Problem to work on
Return every line from the records below with the string "rotation".

Dataset records
● ● ●
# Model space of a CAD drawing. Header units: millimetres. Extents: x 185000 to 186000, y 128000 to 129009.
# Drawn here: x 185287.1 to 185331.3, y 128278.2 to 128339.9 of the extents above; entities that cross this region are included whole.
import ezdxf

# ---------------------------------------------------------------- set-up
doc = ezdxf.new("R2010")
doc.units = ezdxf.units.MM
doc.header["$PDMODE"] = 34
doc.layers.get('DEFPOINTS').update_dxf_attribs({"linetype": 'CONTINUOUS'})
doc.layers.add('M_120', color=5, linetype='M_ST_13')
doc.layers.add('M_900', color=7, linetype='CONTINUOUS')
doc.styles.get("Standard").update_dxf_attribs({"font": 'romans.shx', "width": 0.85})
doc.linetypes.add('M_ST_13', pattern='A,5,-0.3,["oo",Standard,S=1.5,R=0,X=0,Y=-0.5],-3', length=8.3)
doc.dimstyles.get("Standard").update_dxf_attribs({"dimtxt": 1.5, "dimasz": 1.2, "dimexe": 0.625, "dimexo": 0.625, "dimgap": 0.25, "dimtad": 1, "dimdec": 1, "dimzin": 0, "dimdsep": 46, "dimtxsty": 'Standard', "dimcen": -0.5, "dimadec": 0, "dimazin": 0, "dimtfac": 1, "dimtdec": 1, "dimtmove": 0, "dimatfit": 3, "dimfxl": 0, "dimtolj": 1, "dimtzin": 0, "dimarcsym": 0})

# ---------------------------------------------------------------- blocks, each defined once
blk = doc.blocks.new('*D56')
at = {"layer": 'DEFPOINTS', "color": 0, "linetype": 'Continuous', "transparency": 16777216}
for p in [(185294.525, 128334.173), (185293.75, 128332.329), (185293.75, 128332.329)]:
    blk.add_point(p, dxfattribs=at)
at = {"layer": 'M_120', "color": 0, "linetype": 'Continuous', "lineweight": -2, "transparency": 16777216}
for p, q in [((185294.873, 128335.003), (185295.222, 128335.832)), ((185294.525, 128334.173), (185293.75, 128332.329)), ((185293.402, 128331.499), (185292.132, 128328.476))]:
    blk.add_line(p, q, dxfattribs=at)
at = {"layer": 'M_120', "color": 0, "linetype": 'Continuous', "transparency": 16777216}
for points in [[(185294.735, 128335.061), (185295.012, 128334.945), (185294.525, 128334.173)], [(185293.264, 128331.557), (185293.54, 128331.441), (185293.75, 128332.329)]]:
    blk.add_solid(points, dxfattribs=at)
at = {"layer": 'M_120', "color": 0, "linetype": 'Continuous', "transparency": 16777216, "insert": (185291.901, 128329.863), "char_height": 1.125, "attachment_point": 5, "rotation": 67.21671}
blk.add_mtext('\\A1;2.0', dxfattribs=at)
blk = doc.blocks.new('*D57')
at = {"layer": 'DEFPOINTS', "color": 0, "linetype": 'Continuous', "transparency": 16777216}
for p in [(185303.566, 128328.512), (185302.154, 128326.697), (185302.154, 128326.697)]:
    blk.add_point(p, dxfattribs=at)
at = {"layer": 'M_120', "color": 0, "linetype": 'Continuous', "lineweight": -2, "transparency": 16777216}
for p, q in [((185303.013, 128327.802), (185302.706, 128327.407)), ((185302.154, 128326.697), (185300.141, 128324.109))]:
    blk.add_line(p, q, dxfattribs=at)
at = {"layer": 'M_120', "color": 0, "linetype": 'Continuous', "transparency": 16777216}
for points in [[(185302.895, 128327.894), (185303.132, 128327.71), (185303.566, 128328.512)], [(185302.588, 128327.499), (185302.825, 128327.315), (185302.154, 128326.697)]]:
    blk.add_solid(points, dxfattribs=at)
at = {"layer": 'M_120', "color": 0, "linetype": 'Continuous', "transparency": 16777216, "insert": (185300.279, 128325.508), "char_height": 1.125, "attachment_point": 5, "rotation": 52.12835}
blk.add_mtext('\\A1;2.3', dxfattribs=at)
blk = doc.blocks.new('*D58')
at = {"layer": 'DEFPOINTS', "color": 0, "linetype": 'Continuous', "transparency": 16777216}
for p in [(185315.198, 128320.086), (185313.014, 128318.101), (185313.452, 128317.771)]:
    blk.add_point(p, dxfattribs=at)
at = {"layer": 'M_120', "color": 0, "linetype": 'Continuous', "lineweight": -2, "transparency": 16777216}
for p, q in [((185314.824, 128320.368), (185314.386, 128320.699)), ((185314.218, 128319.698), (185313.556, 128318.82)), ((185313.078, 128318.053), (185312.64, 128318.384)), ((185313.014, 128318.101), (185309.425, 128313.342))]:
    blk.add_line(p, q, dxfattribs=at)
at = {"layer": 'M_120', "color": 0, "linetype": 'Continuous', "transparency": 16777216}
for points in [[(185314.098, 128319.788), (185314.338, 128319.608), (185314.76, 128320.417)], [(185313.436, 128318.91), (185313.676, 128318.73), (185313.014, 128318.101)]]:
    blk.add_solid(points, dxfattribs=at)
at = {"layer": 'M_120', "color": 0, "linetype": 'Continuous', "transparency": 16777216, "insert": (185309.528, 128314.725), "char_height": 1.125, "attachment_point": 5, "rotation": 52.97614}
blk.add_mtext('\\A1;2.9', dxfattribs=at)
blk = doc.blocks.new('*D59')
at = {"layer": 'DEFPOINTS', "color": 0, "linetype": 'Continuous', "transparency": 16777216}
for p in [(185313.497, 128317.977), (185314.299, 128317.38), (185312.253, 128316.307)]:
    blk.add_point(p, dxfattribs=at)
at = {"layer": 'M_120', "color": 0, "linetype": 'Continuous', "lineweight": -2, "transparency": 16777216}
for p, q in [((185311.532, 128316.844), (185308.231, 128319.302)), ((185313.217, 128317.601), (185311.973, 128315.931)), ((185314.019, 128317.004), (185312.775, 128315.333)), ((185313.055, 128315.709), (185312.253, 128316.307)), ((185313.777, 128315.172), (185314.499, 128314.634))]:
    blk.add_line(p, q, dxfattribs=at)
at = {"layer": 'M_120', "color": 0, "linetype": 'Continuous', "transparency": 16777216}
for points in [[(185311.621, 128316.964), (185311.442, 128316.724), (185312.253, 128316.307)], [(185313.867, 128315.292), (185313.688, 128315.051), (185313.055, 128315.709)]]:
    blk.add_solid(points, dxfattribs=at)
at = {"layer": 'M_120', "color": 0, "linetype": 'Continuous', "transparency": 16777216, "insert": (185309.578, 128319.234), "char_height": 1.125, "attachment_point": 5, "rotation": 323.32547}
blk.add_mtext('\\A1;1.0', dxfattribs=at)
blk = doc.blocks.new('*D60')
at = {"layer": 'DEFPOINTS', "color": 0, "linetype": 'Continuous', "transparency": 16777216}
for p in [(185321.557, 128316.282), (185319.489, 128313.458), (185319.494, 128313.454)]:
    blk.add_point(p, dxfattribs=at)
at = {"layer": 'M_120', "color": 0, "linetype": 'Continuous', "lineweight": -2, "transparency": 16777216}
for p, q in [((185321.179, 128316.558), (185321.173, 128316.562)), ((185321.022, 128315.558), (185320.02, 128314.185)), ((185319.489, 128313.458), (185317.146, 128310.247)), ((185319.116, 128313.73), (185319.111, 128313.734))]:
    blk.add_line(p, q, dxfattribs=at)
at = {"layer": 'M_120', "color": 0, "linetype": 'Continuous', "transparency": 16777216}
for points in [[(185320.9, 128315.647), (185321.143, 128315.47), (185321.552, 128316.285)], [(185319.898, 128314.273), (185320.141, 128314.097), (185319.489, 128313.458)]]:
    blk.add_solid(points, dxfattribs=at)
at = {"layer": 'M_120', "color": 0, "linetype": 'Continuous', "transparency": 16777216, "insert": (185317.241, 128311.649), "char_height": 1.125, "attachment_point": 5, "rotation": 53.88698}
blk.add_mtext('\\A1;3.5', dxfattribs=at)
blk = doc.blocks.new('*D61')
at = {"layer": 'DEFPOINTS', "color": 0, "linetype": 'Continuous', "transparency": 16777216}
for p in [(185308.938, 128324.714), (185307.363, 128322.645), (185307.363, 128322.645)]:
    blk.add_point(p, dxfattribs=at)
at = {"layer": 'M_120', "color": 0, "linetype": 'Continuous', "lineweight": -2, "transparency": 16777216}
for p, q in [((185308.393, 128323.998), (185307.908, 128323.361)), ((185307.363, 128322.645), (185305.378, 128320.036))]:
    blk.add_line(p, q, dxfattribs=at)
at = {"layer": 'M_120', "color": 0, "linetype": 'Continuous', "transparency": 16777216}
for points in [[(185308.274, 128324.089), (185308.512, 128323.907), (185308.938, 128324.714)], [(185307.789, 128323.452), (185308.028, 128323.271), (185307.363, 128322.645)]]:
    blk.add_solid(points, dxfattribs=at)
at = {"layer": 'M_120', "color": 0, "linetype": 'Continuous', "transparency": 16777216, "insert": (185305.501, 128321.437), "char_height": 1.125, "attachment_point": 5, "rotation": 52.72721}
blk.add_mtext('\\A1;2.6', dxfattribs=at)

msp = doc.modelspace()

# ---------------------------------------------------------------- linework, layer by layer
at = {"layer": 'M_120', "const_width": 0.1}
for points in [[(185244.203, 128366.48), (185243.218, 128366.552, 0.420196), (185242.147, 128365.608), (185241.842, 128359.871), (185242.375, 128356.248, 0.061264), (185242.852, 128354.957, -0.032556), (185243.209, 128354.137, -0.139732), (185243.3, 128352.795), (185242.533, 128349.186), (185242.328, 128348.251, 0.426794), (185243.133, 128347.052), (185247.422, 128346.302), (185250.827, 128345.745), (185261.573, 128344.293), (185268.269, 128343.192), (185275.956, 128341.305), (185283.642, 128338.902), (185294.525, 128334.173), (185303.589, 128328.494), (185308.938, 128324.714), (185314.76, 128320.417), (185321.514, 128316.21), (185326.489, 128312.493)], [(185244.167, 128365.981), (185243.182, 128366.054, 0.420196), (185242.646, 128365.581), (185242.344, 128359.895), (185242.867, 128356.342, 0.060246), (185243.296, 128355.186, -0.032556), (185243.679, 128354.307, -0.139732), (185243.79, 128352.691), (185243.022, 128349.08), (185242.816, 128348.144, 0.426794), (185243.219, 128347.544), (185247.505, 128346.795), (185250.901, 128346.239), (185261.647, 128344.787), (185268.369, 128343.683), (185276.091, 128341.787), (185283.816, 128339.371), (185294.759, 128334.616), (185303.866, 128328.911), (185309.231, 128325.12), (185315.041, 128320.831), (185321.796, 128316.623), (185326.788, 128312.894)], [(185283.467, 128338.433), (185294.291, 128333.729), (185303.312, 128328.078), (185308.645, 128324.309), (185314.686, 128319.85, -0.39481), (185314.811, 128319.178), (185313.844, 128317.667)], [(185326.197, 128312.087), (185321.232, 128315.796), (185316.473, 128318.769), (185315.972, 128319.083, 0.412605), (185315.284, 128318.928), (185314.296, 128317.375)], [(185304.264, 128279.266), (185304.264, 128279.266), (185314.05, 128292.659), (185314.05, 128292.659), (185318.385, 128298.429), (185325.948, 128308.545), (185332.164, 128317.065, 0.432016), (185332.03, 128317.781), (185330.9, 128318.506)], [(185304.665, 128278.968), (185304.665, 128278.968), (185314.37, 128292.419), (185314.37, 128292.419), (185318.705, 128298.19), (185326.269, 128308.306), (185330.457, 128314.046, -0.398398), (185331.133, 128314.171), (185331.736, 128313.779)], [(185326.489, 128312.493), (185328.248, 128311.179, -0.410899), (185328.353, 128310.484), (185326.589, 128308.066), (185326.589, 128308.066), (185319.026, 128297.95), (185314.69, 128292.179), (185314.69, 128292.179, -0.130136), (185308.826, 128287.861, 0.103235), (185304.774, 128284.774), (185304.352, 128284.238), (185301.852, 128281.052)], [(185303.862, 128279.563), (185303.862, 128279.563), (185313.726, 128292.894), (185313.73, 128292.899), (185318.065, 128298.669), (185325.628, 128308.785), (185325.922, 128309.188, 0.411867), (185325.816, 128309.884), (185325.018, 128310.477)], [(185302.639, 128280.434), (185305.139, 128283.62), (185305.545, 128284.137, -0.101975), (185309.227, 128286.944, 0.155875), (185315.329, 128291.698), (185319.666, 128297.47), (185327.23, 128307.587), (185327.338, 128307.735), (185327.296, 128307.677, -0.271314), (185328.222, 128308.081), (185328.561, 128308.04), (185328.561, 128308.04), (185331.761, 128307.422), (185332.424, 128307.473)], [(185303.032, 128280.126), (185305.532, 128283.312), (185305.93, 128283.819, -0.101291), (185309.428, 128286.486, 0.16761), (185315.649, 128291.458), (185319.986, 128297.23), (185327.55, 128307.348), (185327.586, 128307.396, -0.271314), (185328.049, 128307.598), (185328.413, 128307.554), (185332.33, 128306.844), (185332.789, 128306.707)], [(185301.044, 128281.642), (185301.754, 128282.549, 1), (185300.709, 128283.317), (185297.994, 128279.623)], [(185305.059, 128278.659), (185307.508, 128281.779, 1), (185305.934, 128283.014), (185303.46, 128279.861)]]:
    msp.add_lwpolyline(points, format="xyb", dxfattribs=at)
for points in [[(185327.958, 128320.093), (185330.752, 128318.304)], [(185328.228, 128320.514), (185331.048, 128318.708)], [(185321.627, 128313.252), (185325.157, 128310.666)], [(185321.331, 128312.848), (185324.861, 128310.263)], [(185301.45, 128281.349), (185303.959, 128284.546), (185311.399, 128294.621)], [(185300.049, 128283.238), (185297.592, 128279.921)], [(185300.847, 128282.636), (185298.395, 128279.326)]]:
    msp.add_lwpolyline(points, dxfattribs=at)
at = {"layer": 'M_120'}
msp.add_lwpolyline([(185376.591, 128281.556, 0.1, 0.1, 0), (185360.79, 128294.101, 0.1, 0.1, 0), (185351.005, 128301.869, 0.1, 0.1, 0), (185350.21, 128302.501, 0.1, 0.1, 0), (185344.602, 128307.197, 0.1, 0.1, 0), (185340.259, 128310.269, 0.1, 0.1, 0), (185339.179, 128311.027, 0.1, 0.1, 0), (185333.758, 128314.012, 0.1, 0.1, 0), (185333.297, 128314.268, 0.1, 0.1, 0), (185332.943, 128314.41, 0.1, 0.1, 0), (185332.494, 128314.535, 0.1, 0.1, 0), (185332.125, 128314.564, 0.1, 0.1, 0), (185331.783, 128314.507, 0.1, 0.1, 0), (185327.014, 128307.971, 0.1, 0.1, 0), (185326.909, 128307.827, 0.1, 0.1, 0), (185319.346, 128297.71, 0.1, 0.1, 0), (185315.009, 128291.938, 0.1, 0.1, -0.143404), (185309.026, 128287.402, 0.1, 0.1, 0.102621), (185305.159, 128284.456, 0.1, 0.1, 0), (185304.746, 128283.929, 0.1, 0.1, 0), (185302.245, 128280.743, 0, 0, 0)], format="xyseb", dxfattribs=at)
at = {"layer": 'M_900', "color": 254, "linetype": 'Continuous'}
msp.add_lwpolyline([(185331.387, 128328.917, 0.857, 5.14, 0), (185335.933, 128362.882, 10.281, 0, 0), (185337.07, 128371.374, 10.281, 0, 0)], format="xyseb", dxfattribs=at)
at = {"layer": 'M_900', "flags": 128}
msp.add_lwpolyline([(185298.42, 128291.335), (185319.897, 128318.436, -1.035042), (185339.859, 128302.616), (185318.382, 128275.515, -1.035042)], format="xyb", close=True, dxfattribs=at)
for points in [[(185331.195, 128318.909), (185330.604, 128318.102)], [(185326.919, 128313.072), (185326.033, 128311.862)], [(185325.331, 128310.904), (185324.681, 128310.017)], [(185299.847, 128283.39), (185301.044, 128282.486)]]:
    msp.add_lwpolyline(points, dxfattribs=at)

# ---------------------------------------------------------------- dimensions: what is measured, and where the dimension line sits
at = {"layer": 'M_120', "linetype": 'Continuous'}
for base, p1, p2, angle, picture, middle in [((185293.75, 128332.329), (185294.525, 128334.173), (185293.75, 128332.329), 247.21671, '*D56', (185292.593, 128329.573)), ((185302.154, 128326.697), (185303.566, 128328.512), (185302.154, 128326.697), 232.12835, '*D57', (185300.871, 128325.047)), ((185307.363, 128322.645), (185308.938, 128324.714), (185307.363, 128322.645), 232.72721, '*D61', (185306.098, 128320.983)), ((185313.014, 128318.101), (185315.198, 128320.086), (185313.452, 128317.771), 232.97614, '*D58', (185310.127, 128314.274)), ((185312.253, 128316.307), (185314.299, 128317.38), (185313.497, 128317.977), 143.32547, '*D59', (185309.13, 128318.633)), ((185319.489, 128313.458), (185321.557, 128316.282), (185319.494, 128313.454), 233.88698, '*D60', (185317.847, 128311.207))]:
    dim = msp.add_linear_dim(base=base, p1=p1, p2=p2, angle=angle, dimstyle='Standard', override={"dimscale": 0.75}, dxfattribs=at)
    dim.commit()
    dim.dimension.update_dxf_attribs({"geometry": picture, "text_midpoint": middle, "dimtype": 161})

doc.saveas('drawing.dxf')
● ● ●
Response below
at = {"layer": 'M_120', "color": 0, "linetype": 'Continuous', "transparency": 16777216, "insert": (185291.901, 128329.863), "char_height": 1.125, "attachment_point": 5, "rotation": 67.21671}
at = {"layer": 'M_120', "color": 0, "linetype": 'Continuous', "transparency": 16777216, "insert": (185300.279, 128325.508), "char_height": 1.125, "attachment_point": 5, "rotation": 52.12835}
at = {"layer": 'M_120', "color": 0, "linetype": 'Continuous', "transparency": 16777216, "insert": (185309.528, 128314.725), "char_height": 1.125, "attachment_point": 5, "rotation": 52.97614}
at = {"layer": 'M_120', "color": 0, "linetype": 'Continuous', "transparency": 16777216, "insert": (185309.578, 128319.234), "char_height": 1.125, "attachment_point": 5, "rotation": 323.32547}
at = {"layer": 'M_120', "color": 0, "linetype": 'Continuous', "transparency": 16777216, "insert": (185317.241, 128311.649), "char_height": 1.125, "attachment_point": 5, "rotation": 53.88698}
at = {"layer": 'M_120', "color": 0, "linetype": 'Continuous', "transparency": 16777216, "insert": (185305.501, 128321.437), "char_height": 1.125, "attachment_point": 5, "rotation": 52.72721}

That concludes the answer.